A discriminatory pandemic response
Throughout the pandemic, we have seen our Government work in tandem with the HSE to protect people from the spread of COVID-19. Measures such as nationalising the country’s health system to provide more resources and limiting movement have been undertaken to protect the physical health of people. The Government has also taken steps to ensure economic stability and mental wellbeing. So far emergency legislation has brought a ban on evictions and rent freeze as well as increased social benefits for those who lost their job during COVID-19.
However, there exists a disconnect between the Government’s responses generally and the situation facing one particular group of vulnerable people: asylum seekers. Although asylum seekers are among the HSE’s priority group for COVID testing, the lack of action by the Department of Justice shows a disjointed approach.

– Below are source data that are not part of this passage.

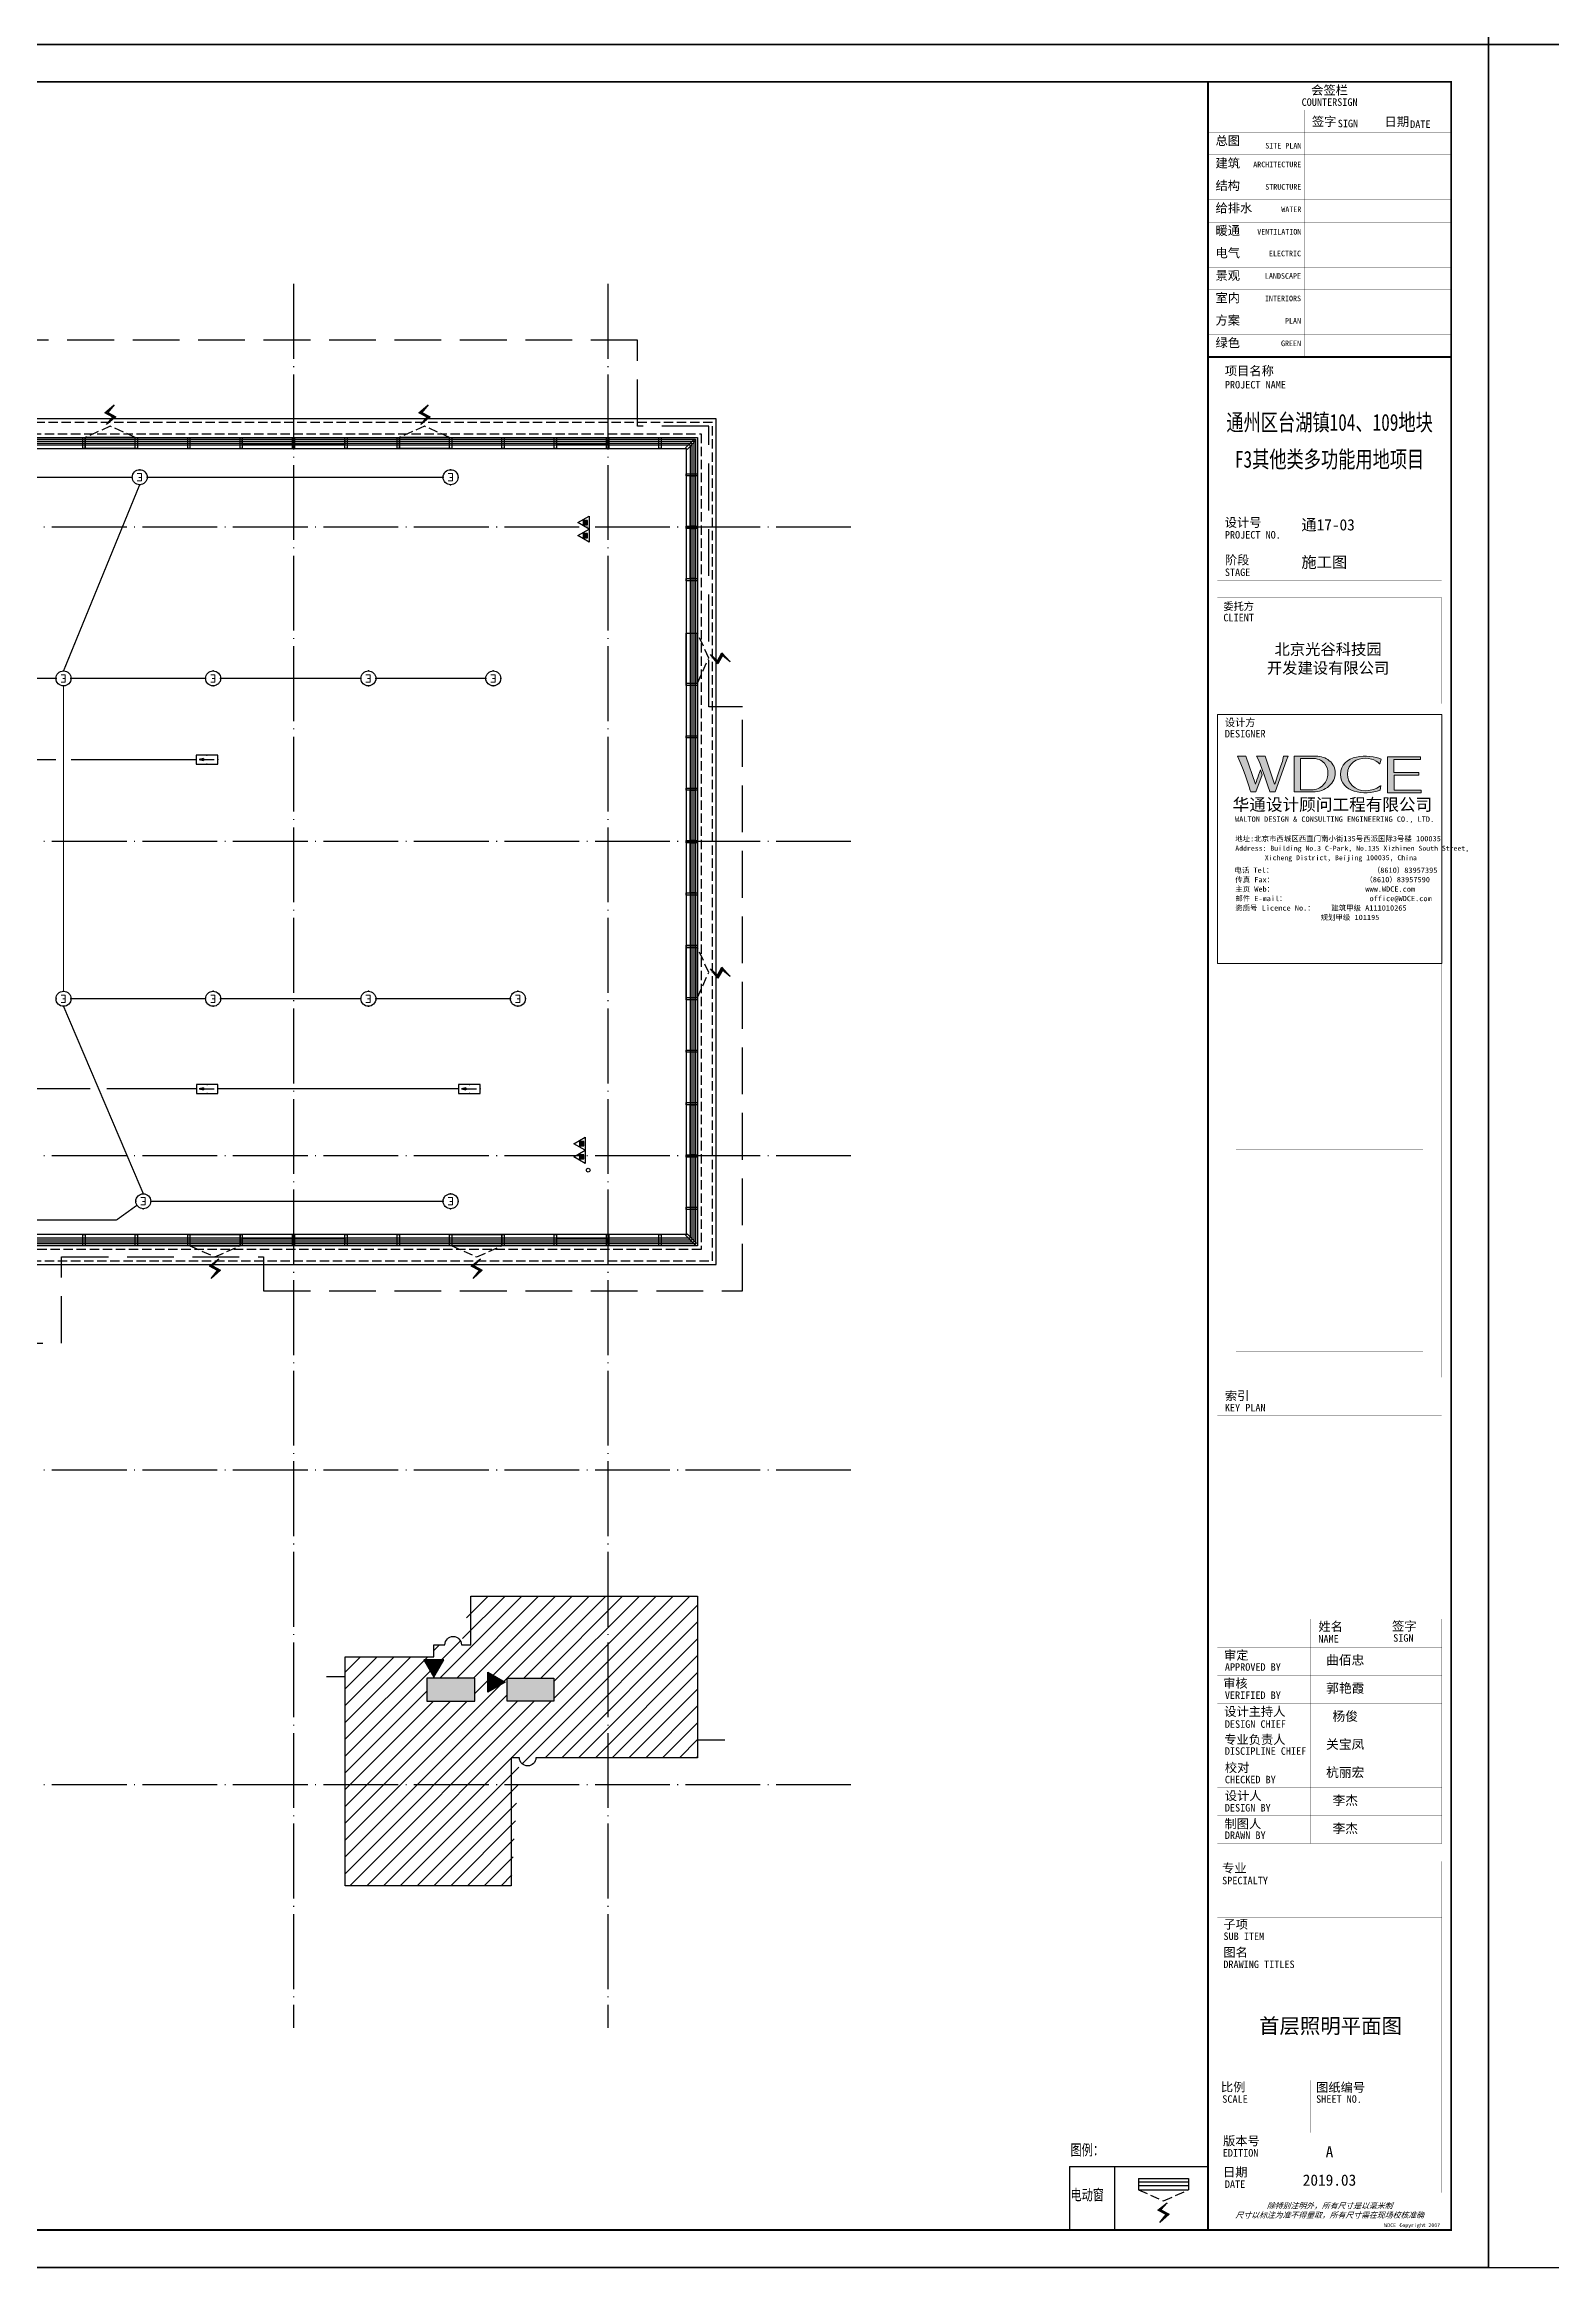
# Model space of a CAD drawing. Extents: x -292644 to 261407, y -12902 to 435090.
# Drawn here: x 138697 to 178991, y -12902 to 46500 of the extents above; entities that cross this region are included whole.
import ezdxf
from ezdxf.enums import TextEntityAlignment as Align
from ezdxf.xclip import XClip

# ---------------------------------------------------------------- set-up
doc = ezdxf.new("R2010")
doc.units = 0
doc.header["$LTSCALE"] = 1000
doc.header["$MEASUREMENT"] = 0
for name, pattern in [('104-10 轴网$0$DOTE', [2.42, 2, -0.2, 0.02, -0.2]), ('8#楼幕墙$0$109-34 轴网$0$L1$0$$AUDIT_BAD_LTYPE1', [0]), ('8#楼幕墙$0$DASH', [0.35, 0.25, -0.1]), ('DASH', [0.35, 0.25, -0.1]), ('X-104 8#10#平面_t3$0$109-34 轴网$0$L1$0$$AUDIT_BAD_LTYPE1', [0]), ('X-104 8#10#平面_t3$0$DASH', [0.35, 0.25, -0.1])]:
    doc.linetypes.add(name, pattern=pattern)
doc.layers.get('0').update_dxf_attribs({"linetype": 'CONTINUOUS'})
doc.layers.get('Defpoints').update_dxf_attribs({"linetype": 'CONTINUOUS'})
for name, color, linetype in [('104-10 轴网$0$A_AXIS-轴线', 36, '104-10 轴网$0$DOTE'), ('8#楼幕墙$0$04-电动窗', 1, 'CONTINUOUS'), ('8#楼幕墙$0$A-C_玻璃幕墙', 140, 'CONTINUOUS'), ('8#楼幕墙$0$A-C_窗b', 191, 'CONTINUOUS'), ('EQUIP-照明', 3, 'CONTINUOUS'), ('SHEET_TEXT', 7, 'CONTINUOUS'), ('WIRE-应急', 2, 'DASH'), ('X-104 8#10#平面_t3$0$01-标注_轴线坐标', 132, 'CONTINUOUS'), ('X-104 8#10#平面_t3$0$03-表格_185', 185, 'CONTINUOUS'), ('X-104 8#10#平面_t3$0$04-电动窗', 1, 'CONTINUOUS'), ('X-104 8#10#平面_t3$0$05-填充_156', 156, 'CONTINUOUS'), ('X-104 8#10#平面_t3$0$05-填充_天正', 26, 'CONTINUOUS'), ('X-104 8#10#平面_t3$0$A-C_玻璃幕墙', 140, 'CONTINUOUS'), ('X-104 8#10#平面_t3$0$A-O_分水线', 127, 'CONTINUOUS'), ('X-104 8#10#平面_t3$0$A-O_屋面', 201, 'CONTINUOUS'), ('X-104 8#10#平面_t3$0$A-O_散水', 134, 'CONTINUOUS'), ('X-104 8#10#平面_t3$0$A_STR-砼柱', 51, 'CONTINUOUS'), ('X-104 8#10#平面_t3$0$水-消火栓', 41, 'CONTINUOUS'), ('字', 7, 'CONTINUOUS')]:
    doc.layers.add(name, color=color, linetype=linetype)
doc.layers.add('8#楼幕墙$0$04-不打印_辅助线', color=165, linetype='CONTINUOUS', plot=False)
doc.layers.add('X-104 8#10#平面_t3$0$04-不打印_辅助线', color=165, linetype='CONTINUOUS', plot=False)
doc.layers.add('X-104 8#10#平面_t3$0$000套内', color=226, linetype='CONTINUOUS', lineweight=30, plot=False)
doc.layers.get('X-104 8#10#平面_t3$0$A-O_分水线').off()
doc.styles.add('_TEL_DIM', font='SIMPLEX', dxfattribs={"width": 0.7, "height": 3.5, "bigfont": 'HZTXT'})
doc.styles.get("Standard").update_dxf_attribs({"font": 'gbenor.shx', "bigfont": 'gbcbig.shx'})
doc.styles.add('X-104 8#10#平面_t3$0$Standard', font='STXIHEI.TTF', dxfattribs={"width": 0.75})
doc.styles.add('华文细黑', font='STXIHEI.TTF')
doc.styles.add('图签信息$0$hwxh', font='STXIHEI.TTF')
doc.styles.add('图签信息$0$华文细黑', font='STXIHEI.TTF', dxfattribs={"height": 10})

# ---------------------------------------------------------------- blocks, each defined once
blk = doc.blocks.new('图签信息$0$WDCE Copyright200X')
at = {"const_width": 0.016}
blk.add_lwpolyline([(-10.6, 1.26, 1), (-11.4, 1.26, 1)], format="xyb", close=True, dxfattribs=at)
at = {"style": '图签信息$0$华文细黑'}
for s, p in [('WDCE ', (-11.46, 0.5)), ('     Copyright ', (-3.51, 0.5))]:
    blk.add_text(s, height=1, dxfattribs=at).set_placement(p, align=Align.BOTTOM_RIGHT)
blk.add_text('c', height=0.6, dxfattribs=at).set_placement((-11.04, 1.35), align=Align.MIDDLE_CENTER)
blk.add_attdef('200X', text='', height=1, dxfattribs=at).set_placement((-0.45, 0.5), align=Align.BOTTOM_RIGHT)
blk = doc.blocks.new('图签信息$0$logo2')
h = blk.add_hatch(color=7)
h.paths.add_polyline_path([(19.02, -7.36), (15.84, -7.36), (15.84, -3.97), (18.97, -3.97), (18.97, -4.24), (16.46, -4.24), (16.46, -5.45), (18.81, -5.45), (18.81, -5.69), (16.47, -5.69), (16.47, -7.12), (19.02, -7.12)])
edge = h.paths.add_edge_path()
edge.add_spline(control_points=[(15.26, -4.21), (15.26, -4.21), (15.13, -4.65), (15.13, -4.65), (15.13, -4.65), (14.62, -4.1), (13.73, -4.1), (13.04, -4.1), (12.07, -4.54), (12.08, -5.62), (12.08, -6.49), (12.77, -7.16), (13.73, -7.17), (14.66, -7.17), (15.23, -6.68), (15.23, -6.68), (15.23, -6.68), (15.16, -7.11), (15.16, -7.11), (13.63, -7.7), (11.42, -7.29), (11.41, -5.64), (11.4, -3.72), (14.16, -3.66), (15.26, -4.21)], knot_values=[0, 0, 0, 0, 1, 1, 1, 2, 2, 2, 3, 3, 3, 4, 4, 4, 5, 5, 5, 6, 6, 6, 7, 7, 7, 8, 8, 8, 8], degree=3, periodic=0)
edge = h.paths.add_edge_path(flags=16)
edge.add_spline(control_points=[(10.23, -5.57), (10.23, -5.16), (10.12, -4.83), (9.9, -4.58), (9.63, -4.27), (9.23, -4.12), (8.69, -4.12), (8.69, -4.12), (7.64, -4.12), (7.64, -4.12), (7.64, -4.12), (7.64, -7.1), (7.64, -7.1), (7.64, -7.1), (8.66, -7.1), (8.66, -7.1), (9.13, -7.1), (9.52, -6.93), (9.82, -6.6), (10.09, -6.31), (10.23, -5.96), (10.23, -5.57)], knot_values=[0, 0, 0, 0, 1, 1, 1, 2, 2, 2, 3, 3, 3, 4, 4, 4, 5, 5, 5, 6, 6, 6, 7, 7, 7, 7], degree=3, periodic=0)
edge = h.paths.add_edge_path()
edge.add_spline(control_points=[(10.92, -5.51), (10.92, -5.96), (10.72, -6.37), (10.34, -6.72), (9.92, -7.1), (9.41, -7.29), (8.82, -7.29), (8.82, -7.29), (7.03, -7.29), (7.03, -7.29), (7.03, -7.29), (7.03, -3.92), (7.03, -3.92), (7.03, -3.92), (9.1, -3.92), (9.1, -3.92), (9.59, -3.92), (10.01, -4.06), (10.36, -4.34), (10.73, -4.64), (10.92, -5.03), (10.92, -5.51)], knot_values=[0, 0, 0, 0, 1, 1, 1, 2, 2, 2, 3, 3, 3, 4, 4, 4, 5, 5, 5, 6, 6, 6, 7, 7, 7, 7], degree=3, periodic=0)
at = {"lineweight": 0}
blk.add_lwpolyline([(19.02, -7.36), (15.84, -7.36), (15.84, -3.97), (18.97, -3.97), (18.97, -4.24), (16.46, -4.24), (16.46, -5.45), (18.81, -5.45), (18.81, -5.69), (16.47, -5.69), (16.47, -7.12), (19.02, -7.12), (19.02, -7.36)], dxfattribs=at)
for points, knots in [([(10.92, -5.51), (10.92, -5.96), (10.72, -6.37), (10.34, -6.72), (9.92, -7.1), (9.41, -7.29), (8.82, -7.29), (8.82, -7.29), (7.03, -7.29), (7.03, -7.29), (7.03, -7.29), (7.03, -3.92), (7.03, -3.92), (7.03, -3.92), (9.1, -3.92), (9.1, -3.92), (9.59, -3.92), (10.01, -4.06), (10.36, -4.34), (10.73, -4.64), (10.92, -5.03), (10.92, -5.51)], [0, 0, 0, 0, 1, 1, 1, 2, 2, 2, 3, 3, 3, 4, 4, 4, 5, 5, 5, 6, 6, 6, 7, 7, 7, 7]), ([(10.23, -5.57), (10.23, -5.16), (10.12, -4.83), (9.9, -4.58), (9.63, -4.27), (9.23, -4.12), (8.69, -4.12), (8.69, -4.12), (7.64, -4.12), (7.64, -4.12), (7.64, -4.12), (7.64, -7.1), (7.64, -7.1), (7.64, -7.1), (8.66, -7.1), (8.66, -7.1), (9.13, -7.1), (9.52, -6.93), (9.82, -6.6), (10.09, -6.31), (10.23, -5.96), (10.23, -5.57)], [0, 0, 0, 0, 1, 1, 1, 2, 2, 2, 3, 3, 3, 4, 4, 4, 5, 5, 5, 6, 6, 6, 7, 7, 7, 7]), ([(15.26, -4.21), (15.26, -4.21), (15.13, -4.65), (15.13, -4.65), (15.13, -4.65), (14.62, -4.1), (13.73, -4.1), (13.04, -4.1), (12.07, -4.54), (12.08, -5.62), (12.08, -6.49), (12.77, -7.16), (13.73, -7.17), (14.66, -7.17), (15.23, -6.68), (15.23, -6.68), (15.23, -6.68), (15.16, -7.11), (15.16, -7.11), (13.63, -7.7), (11.42, -7.29), (11.41, -5.64), (11.4, -3.72), (14.16, -3.66), (15.26, -4.21)], [0, 0, 0, 0, 1, 1, 1, 2, 2, 2, 3, 3, 3, 4, 4, 4, 5, 5, 5, 6, 6, 6, 7, 7, 7, 8, 8, 8, 8])]:
    blk.add_open_spline(points, degree=3, knots=knots, dxfattribs=at)
blk = doc.blocks.new('图签信息$0$logo1')
h = blk.add_hatch(color=8)
edge = h.paths.add_edge_path()
edge.add_spline(control_points=[(3.86, -5.21), (3.63, -5.88), (3.39, -6.56), (3.39, -6.56), (3.39, -6.56), (2.5, -3.91), (2.5, -3.91), (2.5, -3.91), (1.8, -3.91), (1.69, -3.91), (2.02, -4.39), (2.95, -7.27), (2.95, -7.27), (2.95, -7.27), (3.44, -7.27), (3.44, -7.27), (3.44, -7.27), (4.03, -5.66), (4.03, -5.66), (4.03, -5.66), (3.86, -5.21), (3.86, -5.21)], knot_values=[0, 0, 0, 0, 1, 1, 1, 2, 2, 2, 3, 3, 3, 4, 4, 4, 5, 5, 5, 6, 6, 6, 7, 7, 7, 7], degree=3, periodic=0)
h = blk.add_hatch(color=7)
edge = h.paths.add_edge_path()
edge.add_spline(control_points=[(6.04, -3.91), (6.09, -4.1), (5.2, -6.56), (5.2, -6.56), (5.2, -6.56), (4.3, -3.91), (4.3, -3.91), (4.3, -3.91), (3.6, -3.91), (3.49, -3.91), (3.82, -4.39), (4.75, -7.27), (4.75, -7.27), (4.75, -7.27), (5.24, -7.27), (5.24, -7.27), (5.24, -7.27), (6.33, -4.3), (6.33, -4.3), (6.33, -4.3), (6.48, -3.91), (6.48, -3.91), (6.48, -3.91), (6.21, -3.91), (6.04, -3.91)], knot_values=[0, 0, 0, 0, 1, 1, 1, 2, 2, 2, 3, 3, 3, 4, 4, 4, 5, 5, 5, 6, 6, 6, 7, 7, 7, 8, 8, 8, 8], degree=3, periodic=0)
at = {"color": 8, "lineweight": 0}
blk.add_open_spline([(3.86, -5.21), (3.63, -5.88), (3.39, -6.56), (3.39, -6.56), (3.39, -6.56), (2.5, -3.91), (2.5, -3.91), (2.5, -3.91), (1.8, -3.91), (1.69, -3.91), (2.02, -4.39), (2.95, -7.27), (2.95, -7.27), (2.95, -7.27), (3.44, -7.27), (3.44, -7.27), (3.44, -7.27), (4.03, -5.66), (4.03, -5.66), (4.03, -5.66), (3.86, -5.21), (3.86, -5.21)], degree=3, knots=[0, 0, 0, 0, 1, 1, 1, 2, 2, 2, 3, 3, 3, 4, 4, 4, 5, 5, 5, 6, 6, 6, 7, 7, 7, 7], dxfattribs=at)
at = {"lineweight": 0}
blk.add_open_spline([(6.04, -3.91), (6.09, -4.1), (5.2, -6.56), (5.2, -6.56), (5.2, -6.56), (4.3, -3.91), (4.3, -3.91), (4.3, -3.91), (3.6, -3.91), (3.49, -3.91), (3.82, -4.39), (4.75, -7.27), (4.75, -7.27), (4.75, -7.27), (5.24, -7.27), (5.24, -7.27), (5.24, -7.27), (6.33, -4.3), (6.33, -4.3), (6.33, -4.3), (6.48, -3.91), (6.48, -3.91), (6.48, -3.91), (6.21, -3.91), (6.04, -3.91)], degree=3, knots=[0, 0, 0, 0, 1, 1, 1, 2, 2, 2, 3, 3, 3, 4, 4, 4, 5, 5, 5, 6, 6, 6, 7, 7, 7, 8, 8, 8, 8], dxfattribs=at)
blk.add_blockref('图签信息$0$logo2', (0, 0))
blk = doc.blocks.new('图签信息$0$时间-logo')
at = {"layer": 'Defpoints', "lineweight": 0}
blk.add_lwpolyline([(0, -23.46), (-21.17, -23.46), (-21.17, 0), (0, 0), (0, -23.46)], dxfattribs=at)
blk.add_blockref('图签信息$0$logo1', (-20.97, 0))
at = {"style": '图签信息$0$hwxh'}
for s, height, p in [('华通设计顾问工程有限公司 ', 1.15, (-19.73, -9.05)), ('WALTON DESIGN & CONSULTING ENGINEERING CO., LTD.', 0.5, (-19.5, -10.1)), ('Address: Building No.3 C-Park, No.135 Xizhimen South Street, ', 0.47, (-19.48, -12.83)), ('地址:北京市西城区西直门南小街135号西派国际3号楼 100035', 0.5, (-19.48, -11.94)), ('电话 Tel：                        （8610）83957395 ', 0.5, (-19.56, -14.91)), ('Xicheng District, Beijing 100035, China ', 0.47, (-16.69, -13.72)), ('传真 Fax：                      （8610）83957590 ', 0.5, (-19.48, -15.8)), ('主页 Web：                      www.WDCE.com ', 0.5, (-19.48, -16.69)), ('资质号 Licence No.：    建筑甲级 A111010265 ', 0.5, (-19.48, -18.47)), ('邮件 E-mail：                    office@WDCE.com ', 0.5, (-19.48, -17.58)), ('   规划甲级 101195', 0.5, (-12.6, -19.36))]:
    blk.add_text(s, height=height, dxfattribs=at).set_placement(p)
blk = doc.blocks.new('图签信息')
at = {"const_width": 0.5}
for points in [[(-65, 574), (-65, 500.5), (0, 500.5), (0, 574)], [(-65, 0), (0, 0), (0, 500.5), (-65, 500.5)]]:
    blk.add_lwpolyline(points, close=True, dxfattribs=at)
at = {"const_width": 0.05}
for points in [[(-65, 566.5), (0, 566.5)], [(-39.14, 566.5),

“At this critical time for our country we are fortunate to have people born elsewhere doing vital work in hospitals, care homes, supermarkets, as Gardai etc. This is a time to recognise the value of our diversity. Racist incidents are not acceptable should be reported to the Gardai”.
This was an ironic statement on Twitter from the Minister for Justice, Charlie Flanagan, just days after the Department of Employment Affairs and Social Protection chose to exclude asylum seekers who lost their job due to COVID-19 from eligibility for the COVID-19 Pandemic Unemployment Payment.
Minister for Health, Simon Harris, conveyed similar sentiments when speaking of the 160 healthcare workers currently living in Direct Provision:
“When we’re thanking front line workers, we should remember those 160. I want to thank them, because some individuals don’t extend a céad míle fáilte to people from other countries.”
On the date this statement was made, there were 164 cases of COVID-19 in Direct Provision centres.
In conclusion
Those living in Direct Provision must be included in the conversation surrounding vulnerable people, because of a system that is putting them at high risk. Residents of Direct Provision do not need ministerial praise from a Government that has failed to protect their human rights. What they need is the abolition of Direct Provision.